EXERCISE MATERIALS Start Marker

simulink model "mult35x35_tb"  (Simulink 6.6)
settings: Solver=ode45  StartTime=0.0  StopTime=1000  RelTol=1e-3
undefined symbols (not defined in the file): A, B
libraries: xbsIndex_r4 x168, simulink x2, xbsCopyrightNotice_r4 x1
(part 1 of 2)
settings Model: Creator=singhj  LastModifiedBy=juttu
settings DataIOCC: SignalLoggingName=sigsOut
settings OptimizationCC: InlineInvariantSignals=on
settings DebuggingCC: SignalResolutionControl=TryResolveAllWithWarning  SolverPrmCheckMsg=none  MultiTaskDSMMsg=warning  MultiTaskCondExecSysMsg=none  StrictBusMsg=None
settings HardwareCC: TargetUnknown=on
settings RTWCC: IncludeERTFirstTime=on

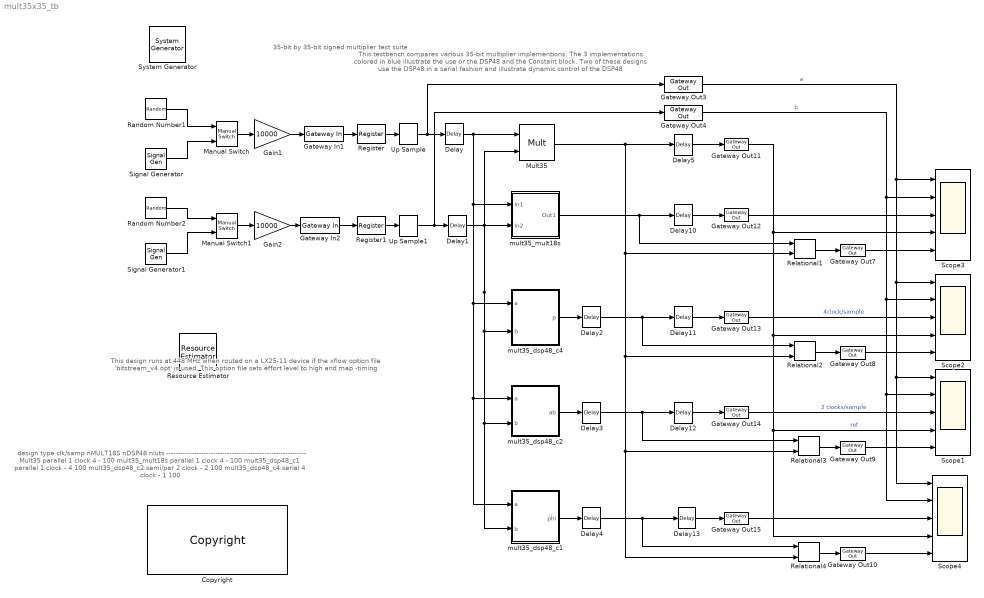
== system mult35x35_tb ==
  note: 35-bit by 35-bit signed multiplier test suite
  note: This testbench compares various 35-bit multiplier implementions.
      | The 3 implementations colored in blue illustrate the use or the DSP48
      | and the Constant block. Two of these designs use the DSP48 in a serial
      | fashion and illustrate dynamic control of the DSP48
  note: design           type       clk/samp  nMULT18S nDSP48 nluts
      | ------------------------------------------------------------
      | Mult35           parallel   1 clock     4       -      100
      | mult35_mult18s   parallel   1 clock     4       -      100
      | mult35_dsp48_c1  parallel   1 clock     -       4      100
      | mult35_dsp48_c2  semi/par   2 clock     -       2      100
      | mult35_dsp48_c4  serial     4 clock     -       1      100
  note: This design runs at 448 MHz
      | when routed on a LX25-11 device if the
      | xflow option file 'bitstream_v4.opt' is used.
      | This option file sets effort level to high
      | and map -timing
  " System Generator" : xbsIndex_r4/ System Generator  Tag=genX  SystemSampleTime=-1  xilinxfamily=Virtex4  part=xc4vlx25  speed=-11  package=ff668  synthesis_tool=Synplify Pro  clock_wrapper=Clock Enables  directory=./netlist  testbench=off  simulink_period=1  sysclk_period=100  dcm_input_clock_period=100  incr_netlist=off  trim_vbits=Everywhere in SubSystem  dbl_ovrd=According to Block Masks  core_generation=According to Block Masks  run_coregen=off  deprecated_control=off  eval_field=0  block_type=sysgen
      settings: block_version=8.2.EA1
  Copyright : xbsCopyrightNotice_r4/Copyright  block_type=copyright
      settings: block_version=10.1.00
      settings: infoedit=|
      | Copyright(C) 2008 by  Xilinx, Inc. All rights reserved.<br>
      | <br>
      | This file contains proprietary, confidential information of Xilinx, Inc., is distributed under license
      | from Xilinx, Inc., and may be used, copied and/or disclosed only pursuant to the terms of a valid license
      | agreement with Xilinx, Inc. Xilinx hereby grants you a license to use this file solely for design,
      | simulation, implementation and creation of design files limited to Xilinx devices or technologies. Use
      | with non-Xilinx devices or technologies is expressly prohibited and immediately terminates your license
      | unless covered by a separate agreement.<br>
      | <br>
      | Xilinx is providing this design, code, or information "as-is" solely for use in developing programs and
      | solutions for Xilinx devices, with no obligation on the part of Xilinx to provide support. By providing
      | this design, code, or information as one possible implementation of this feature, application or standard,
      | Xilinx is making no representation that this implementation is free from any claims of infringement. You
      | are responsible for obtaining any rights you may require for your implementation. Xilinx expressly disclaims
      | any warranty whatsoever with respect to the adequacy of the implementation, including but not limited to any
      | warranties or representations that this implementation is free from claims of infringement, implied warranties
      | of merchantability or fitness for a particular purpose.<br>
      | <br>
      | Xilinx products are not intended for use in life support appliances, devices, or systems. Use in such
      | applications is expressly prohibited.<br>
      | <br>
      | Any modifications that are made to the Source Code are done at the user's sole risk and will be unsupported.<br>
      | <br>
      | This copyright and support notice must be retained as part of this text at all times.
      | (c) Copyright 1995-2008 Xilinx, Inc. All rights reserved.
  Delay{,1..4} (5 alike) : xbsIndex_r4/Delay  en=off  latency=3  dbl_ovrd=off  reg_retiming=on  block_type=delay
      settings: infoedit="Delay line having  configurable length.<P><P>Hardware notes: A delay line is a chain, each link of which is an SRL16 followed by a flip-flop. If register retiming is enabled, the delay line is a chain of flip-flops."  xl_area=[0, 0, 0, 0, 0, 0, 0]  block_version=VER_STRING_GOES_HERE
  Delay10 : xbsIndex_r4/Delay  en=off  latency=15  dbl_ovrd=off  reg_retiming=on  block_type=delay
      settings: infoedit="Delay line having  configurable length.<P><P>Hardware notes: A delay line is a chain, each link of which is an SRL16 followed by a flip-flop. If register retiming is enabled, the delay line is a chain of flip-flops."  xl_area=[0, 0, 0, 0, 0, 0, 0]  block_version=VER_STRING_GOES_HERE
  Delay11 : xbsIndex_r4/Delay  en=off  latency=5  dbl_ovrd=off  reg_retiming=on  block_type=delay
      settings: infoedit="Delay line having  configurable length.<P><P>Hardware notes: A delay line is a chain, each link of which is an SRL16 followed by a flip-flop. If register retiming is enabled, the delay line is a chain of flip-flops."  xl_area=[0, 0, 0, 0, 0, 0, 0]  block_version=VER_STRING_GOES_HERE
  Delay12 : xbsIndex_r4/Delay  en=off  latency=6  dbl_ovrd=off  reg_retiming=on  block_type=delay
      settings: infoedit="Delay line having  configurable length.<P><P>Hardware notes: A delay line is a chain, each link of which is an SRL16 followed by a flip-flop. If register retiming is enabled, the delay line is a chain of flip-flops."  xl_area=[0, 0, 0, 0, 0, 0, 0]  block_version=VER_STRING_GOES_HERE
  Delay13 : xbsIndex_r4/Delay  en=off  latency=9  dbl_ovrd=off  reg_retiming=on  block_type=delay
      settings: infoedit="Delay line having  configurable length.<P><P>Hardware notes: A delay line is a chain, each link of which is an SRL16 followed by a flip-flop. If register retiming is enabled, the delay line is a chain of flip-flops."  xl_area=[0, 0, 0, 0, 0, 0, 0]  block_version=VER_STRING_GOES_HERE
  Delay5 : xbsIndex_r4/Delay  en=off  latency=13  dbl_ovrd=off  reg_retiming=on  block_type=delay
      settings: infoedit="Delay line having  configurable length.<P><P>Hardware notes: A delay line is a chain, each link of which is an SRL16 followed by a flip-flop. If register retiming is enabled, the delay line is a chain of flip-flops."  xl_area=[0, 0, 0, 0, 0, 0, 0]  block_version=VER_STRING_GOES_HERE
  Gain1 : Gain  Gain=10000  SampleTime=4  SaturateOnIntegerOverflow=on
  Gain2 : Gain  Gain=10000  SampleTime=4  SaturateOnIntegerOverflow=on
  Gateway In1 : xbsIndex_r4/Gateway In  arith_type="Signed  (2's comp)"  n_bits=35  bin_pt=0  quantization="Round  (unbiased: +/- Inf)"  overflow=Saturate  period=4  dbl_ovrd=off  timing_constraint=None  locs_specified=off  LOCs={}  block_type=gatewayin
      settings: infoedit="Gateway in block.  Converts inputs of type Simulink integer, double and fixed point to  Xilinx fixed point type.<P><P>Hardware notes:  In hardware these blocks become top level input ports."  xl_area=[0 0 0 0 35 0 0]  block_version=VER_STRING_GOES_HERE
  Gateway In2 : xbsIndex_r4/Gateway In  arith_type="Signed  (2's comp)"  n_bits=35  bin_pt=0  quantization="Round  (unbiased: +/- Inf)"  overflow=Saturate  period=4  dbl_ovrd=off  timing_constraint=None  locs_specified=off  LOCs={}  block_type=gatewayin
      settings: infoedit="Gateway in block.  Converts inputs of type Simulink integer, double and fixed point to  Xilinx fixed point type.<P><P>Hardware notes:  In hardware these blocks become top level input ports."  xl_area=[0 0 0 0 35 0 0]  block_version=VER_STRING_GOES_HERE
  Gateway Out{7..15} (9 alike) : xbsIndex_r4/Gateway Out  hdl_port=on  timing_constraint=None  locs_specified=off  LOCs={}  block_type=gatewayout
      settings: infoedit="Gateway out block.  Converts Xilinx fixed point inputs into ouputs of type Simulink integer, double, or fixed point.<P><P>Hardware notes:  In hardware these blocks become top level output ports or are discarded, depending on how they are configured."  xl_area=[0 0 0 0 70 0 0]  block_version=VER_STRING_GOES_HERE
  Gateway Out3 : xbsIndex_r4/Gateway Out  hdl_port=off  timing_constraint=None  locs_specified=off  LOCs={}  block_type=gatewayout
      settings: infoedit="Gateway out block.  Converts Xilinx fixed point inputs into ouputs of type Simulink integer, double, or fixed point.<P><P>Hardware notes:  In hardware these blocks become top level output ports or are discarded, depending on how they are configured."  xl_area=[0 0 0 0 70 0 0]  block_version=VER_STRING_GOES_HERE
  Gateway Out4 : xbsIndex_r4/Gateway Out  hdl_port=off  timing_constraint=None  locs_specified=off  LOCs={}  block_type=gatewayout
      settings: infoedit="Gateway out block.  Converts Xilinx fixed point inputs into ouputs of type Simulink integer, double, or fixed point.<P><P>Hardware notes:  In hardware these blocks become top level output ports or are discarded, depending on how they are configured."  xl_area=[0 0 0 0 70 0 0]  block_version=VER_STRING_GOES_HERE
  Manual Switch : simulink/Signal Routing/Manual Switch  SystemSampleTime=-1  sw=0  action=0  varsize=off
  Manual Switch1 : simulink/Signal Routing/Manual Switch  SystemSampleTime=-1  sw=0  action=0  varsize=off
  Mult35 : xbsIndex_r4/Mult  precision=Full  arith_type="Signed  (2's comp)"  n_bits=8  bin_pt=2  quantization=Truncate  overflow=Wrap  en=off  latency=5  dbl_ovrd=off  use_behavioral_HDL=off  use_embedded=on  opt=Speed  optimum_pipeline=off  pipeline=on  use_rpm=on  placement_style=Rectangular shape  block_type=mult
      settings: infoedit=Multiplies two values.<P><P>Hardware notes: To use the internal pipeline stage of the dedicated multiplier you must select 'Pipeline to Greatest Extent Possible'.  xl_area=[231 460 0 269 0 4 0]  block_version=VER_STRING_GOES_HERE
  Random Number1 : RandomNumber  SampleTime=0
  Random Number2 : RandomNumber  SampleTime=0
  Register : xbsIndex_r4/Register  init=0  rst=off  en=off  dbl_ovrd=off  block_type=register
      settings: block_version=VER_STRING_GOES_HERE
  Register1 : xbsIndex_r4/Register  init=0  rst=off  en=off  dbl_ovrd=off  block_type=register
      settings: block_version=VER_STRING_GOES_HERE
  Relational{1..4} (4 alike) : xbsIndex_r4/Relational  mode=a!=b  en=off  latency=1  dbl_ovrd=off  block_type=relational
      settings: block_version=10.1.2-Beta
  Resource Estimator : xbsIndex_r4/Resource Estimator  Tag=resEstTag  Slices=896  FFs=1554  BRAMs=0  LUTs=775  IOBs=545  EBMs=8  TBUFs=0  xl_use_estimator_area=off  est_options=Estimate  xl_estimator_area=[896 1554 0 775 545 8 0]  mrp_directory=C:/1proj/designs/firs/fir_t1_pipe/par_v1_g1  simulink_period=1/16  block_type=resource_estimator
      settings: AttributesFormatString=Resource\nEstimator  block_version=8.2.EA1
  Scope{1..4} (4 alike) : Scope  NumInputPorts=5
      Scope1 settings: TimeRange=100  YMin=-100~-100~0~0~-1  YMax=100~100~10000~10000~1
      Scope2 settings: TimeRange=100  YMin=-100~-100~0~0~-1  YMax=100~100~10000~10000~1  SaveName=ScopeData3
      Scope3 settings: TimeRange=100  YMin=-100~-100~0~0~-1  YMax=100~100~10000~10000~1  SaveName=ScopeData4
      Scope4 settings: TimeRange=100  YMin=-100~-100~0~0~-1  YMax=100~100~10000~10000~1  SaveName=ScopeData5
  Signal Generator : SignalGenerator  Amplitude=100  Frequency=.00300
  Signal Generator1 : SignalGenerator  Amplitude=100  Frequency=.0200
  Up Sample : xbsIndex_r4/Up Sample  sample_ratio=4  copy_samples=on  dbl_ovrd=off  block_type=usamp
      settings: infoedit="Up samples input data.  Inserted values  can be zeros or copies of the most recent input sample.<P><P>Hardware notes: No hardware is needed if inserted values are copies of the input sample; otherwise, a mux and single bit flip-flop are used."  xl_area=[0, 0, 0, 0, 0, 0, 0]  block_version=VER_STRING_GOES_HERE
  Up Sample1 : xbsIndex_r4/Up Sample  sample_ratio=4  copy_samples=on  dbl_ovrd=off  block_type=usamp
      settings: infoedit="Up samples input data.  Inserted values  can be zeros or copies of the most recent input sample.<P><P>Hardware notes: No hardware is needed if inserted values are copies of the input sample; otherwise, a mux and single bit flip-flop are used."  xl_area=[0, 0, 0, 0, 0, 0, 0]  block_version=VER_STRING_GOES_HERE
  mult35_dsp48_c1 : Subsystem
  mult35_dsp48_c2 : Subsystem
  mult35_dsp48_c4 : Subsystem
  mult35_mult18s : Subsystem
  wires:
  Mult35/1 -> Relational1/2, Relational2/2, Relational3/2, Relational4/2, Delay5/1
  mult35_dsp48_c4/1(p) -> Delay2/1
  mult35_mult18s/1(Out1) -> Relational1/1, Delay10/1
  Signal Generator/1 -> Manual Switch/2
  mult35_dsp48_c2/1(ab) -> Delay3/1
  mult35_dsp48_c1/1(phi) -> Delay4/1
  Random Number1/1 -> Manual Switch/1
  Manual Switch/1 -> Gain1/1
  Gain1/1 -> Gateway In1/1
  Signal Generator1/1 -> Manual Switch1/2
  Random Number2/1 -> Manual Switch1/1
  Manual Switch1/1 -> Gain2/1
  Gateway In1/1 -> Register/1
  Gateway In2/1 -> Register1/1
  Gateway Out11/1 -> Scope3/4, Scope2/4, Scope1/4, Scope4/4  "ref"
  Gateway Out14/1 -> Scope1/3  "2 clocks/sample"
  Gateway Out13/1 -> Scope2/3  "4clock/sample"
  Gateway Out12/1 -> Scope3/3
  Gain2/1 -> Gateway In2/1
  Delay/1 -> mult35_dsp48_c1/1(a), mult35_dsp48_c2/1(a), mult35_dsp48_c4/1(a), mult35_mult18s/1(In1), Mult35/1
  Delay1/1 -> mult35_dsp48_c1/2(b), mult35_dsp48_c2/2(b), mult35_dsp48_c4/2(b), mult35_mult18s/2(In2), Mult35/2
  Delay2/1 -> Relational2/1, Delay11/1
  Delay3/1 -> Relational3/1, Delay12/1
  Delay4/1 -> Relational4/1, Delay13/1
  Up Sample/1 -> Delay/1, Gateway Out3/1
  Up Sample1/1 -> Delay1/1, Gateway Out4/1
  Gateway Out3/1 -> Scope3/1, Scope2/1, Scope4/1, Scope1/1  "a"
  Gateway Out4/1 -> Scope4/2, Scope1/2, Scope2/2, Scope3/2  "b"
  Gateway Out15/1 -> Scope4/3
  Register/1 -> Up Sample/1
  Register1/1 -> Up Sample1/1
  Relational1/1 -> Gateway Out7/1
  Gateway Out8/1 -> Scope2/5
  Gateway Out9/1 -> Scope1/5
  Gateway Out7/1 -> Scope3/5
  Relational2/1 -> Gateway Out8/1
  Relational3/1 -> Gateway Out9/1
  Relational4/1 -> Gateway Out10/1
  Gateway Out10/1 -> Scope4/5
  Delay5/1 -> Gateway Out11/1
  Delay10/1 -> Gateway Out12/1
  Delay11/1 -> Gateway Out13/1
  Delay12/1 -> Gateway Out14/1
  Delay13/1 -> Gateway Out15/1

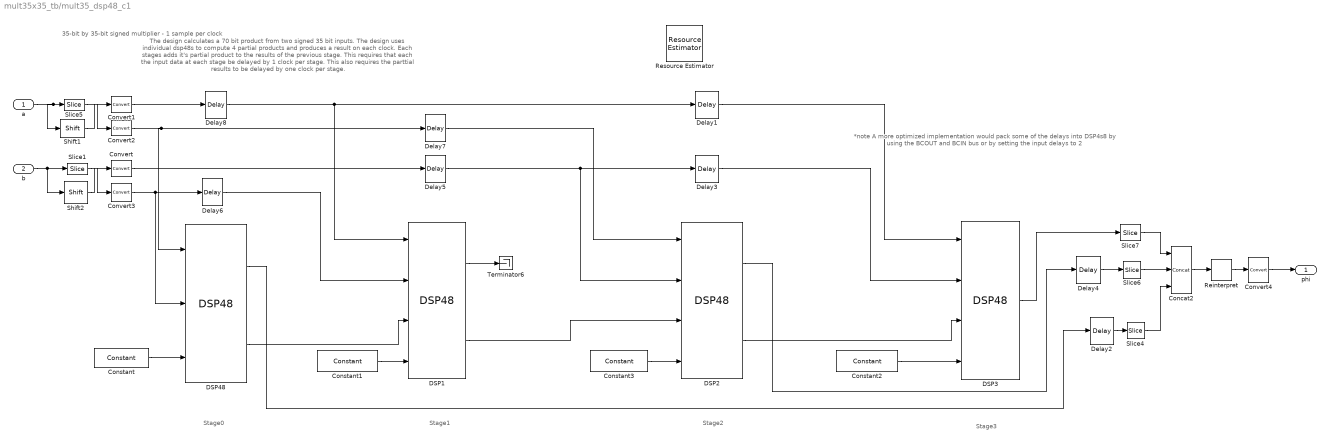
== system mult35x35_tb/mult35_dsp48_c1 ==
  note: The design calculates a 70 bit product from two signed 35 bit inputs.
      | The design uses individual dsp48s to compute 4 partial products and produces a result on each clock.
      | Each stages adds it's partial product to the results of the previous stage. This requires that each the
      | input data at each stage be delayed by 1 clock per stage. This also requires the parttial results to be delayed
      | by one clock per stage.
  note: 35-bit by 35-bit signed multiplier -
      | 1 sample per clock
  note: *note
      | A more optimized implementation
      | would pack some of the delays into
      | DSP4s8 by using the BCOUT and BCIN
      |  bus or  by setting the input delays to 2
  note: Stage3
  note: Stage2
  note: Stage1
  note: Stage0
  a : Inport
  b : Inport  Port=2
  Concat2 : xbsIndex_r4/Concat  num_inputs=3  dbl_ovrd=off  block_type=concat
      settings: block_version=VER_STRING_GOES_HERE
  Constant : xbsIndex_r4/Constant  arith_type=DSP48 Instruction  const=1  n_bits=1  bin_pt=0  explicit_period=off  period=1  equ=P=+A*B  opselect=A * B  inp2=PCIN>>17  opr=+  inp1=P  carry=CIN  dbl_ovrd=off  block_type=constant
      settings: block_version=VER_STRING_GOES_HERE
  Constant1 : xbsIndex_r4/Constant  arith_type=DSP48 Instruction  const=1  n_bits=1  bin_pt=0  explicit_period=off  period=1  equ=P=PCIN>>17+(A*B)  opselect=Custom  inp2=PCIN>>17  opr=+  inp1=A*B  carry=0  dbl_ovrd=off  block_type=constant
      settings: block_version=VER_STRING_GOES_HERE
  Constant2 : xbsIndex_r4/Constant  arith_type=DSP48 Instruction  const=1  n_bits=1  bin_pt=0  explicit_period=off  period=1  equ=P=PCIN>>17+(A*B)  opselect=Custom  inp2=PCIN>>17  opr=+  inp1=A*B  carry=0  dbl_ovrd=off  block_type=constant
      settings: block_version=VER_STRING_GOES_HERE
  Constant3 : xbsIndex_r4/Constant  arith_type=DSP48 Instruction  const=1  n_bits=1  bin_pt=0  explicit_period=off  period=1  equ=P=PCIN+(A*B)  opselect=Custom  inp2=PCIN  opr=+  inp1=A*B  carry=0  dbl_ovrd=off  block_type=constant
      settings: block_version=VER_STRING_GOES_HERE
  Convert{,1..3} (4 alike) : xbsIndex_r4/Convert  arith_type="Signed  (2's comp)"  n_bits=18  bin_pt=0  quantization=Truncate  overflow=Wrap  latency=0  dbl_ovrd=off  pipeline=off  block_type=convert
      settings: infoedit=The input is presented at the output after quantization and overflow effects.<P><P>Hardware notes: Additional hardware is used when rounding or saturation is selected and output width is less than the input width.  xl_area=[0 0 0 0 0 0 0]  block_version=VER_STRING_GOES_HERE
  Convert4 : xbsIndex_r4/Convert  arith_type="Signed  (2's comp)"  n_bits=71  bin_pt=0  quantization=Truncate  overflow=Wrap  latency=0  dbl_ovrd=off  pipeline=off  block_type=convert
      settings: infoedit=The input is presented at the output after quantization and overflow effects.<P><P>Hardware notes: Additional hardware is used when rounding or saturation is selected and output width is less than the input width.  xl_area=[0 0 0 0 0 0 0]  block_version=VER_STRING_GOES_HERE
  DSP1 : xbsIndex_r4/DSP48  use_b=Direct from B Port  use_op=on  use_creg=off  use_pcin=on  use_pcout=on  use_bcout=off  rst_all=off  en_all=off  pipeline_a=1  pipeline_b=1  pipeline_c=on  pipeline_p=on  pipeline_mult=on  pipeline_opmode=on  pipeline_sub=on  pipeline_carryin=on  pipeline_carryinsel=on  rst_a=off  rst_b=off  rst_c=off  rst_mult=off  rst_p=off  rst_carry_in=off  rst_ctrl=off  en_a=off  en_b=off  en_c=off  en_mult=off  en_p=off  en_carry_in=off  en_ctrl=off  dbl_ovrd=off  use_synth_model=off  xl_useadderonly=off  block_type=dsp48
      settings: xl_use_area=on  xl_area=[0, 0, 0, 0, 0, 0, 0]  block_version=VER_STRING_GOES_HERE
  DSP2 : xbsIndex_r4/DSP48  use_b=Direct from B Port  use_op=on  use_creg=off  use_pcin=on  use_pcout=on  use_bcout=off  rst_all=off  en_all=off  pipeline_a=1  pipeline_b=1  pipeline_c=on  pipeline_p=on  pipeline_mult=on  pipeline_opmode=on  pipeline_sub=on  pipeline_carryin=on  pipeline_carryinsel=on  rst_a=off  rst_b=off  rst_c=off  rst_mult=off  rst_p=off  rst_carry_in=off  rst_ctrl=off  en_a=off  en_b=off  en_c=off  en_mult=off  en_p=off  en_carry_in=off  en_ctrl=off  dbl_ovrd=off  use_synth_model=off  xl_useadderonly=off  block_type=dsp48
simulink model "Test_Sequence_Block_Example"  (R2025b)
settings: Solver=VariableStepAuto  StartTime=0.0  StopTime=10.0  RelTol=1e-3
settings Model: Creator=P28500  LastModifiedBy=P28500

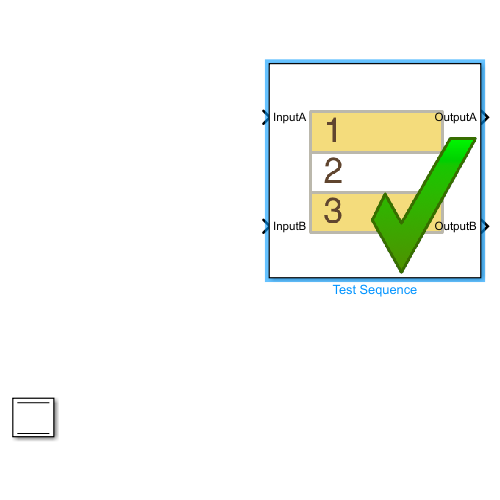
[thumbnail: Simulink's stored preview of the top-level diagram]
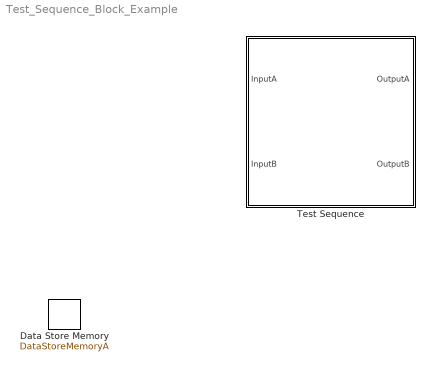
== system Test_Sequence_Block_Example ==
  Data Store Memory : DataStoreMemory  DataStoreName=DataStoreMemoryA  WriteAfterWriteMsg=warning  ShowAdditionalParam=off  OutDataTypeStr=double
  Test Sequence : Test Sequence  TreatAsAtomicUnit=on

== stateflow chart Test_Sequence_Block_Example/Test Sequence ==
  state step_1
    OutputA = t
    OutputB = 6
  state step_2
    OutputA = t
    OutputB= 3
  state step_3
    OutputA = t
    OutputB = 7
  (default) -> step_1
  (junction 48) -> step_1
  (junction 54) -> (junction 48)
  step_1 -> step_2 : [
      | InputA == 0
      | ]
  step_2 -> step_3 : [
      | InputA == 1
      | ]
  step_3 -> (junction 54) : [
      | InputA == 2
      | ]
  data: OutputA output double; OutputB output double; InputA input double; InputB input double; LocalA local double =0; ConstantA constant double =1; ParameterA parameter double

EXERCISE MATERIALS End Marker

Only the lines above that include the word "Frequency" belong in the answer; copy each one.

  Signal Generator : SignalGenerator  Amplitude=100  Frequency=.00300
  Signal Generator1 : SignalGenerator  Amplitude=100  Frequency=.0200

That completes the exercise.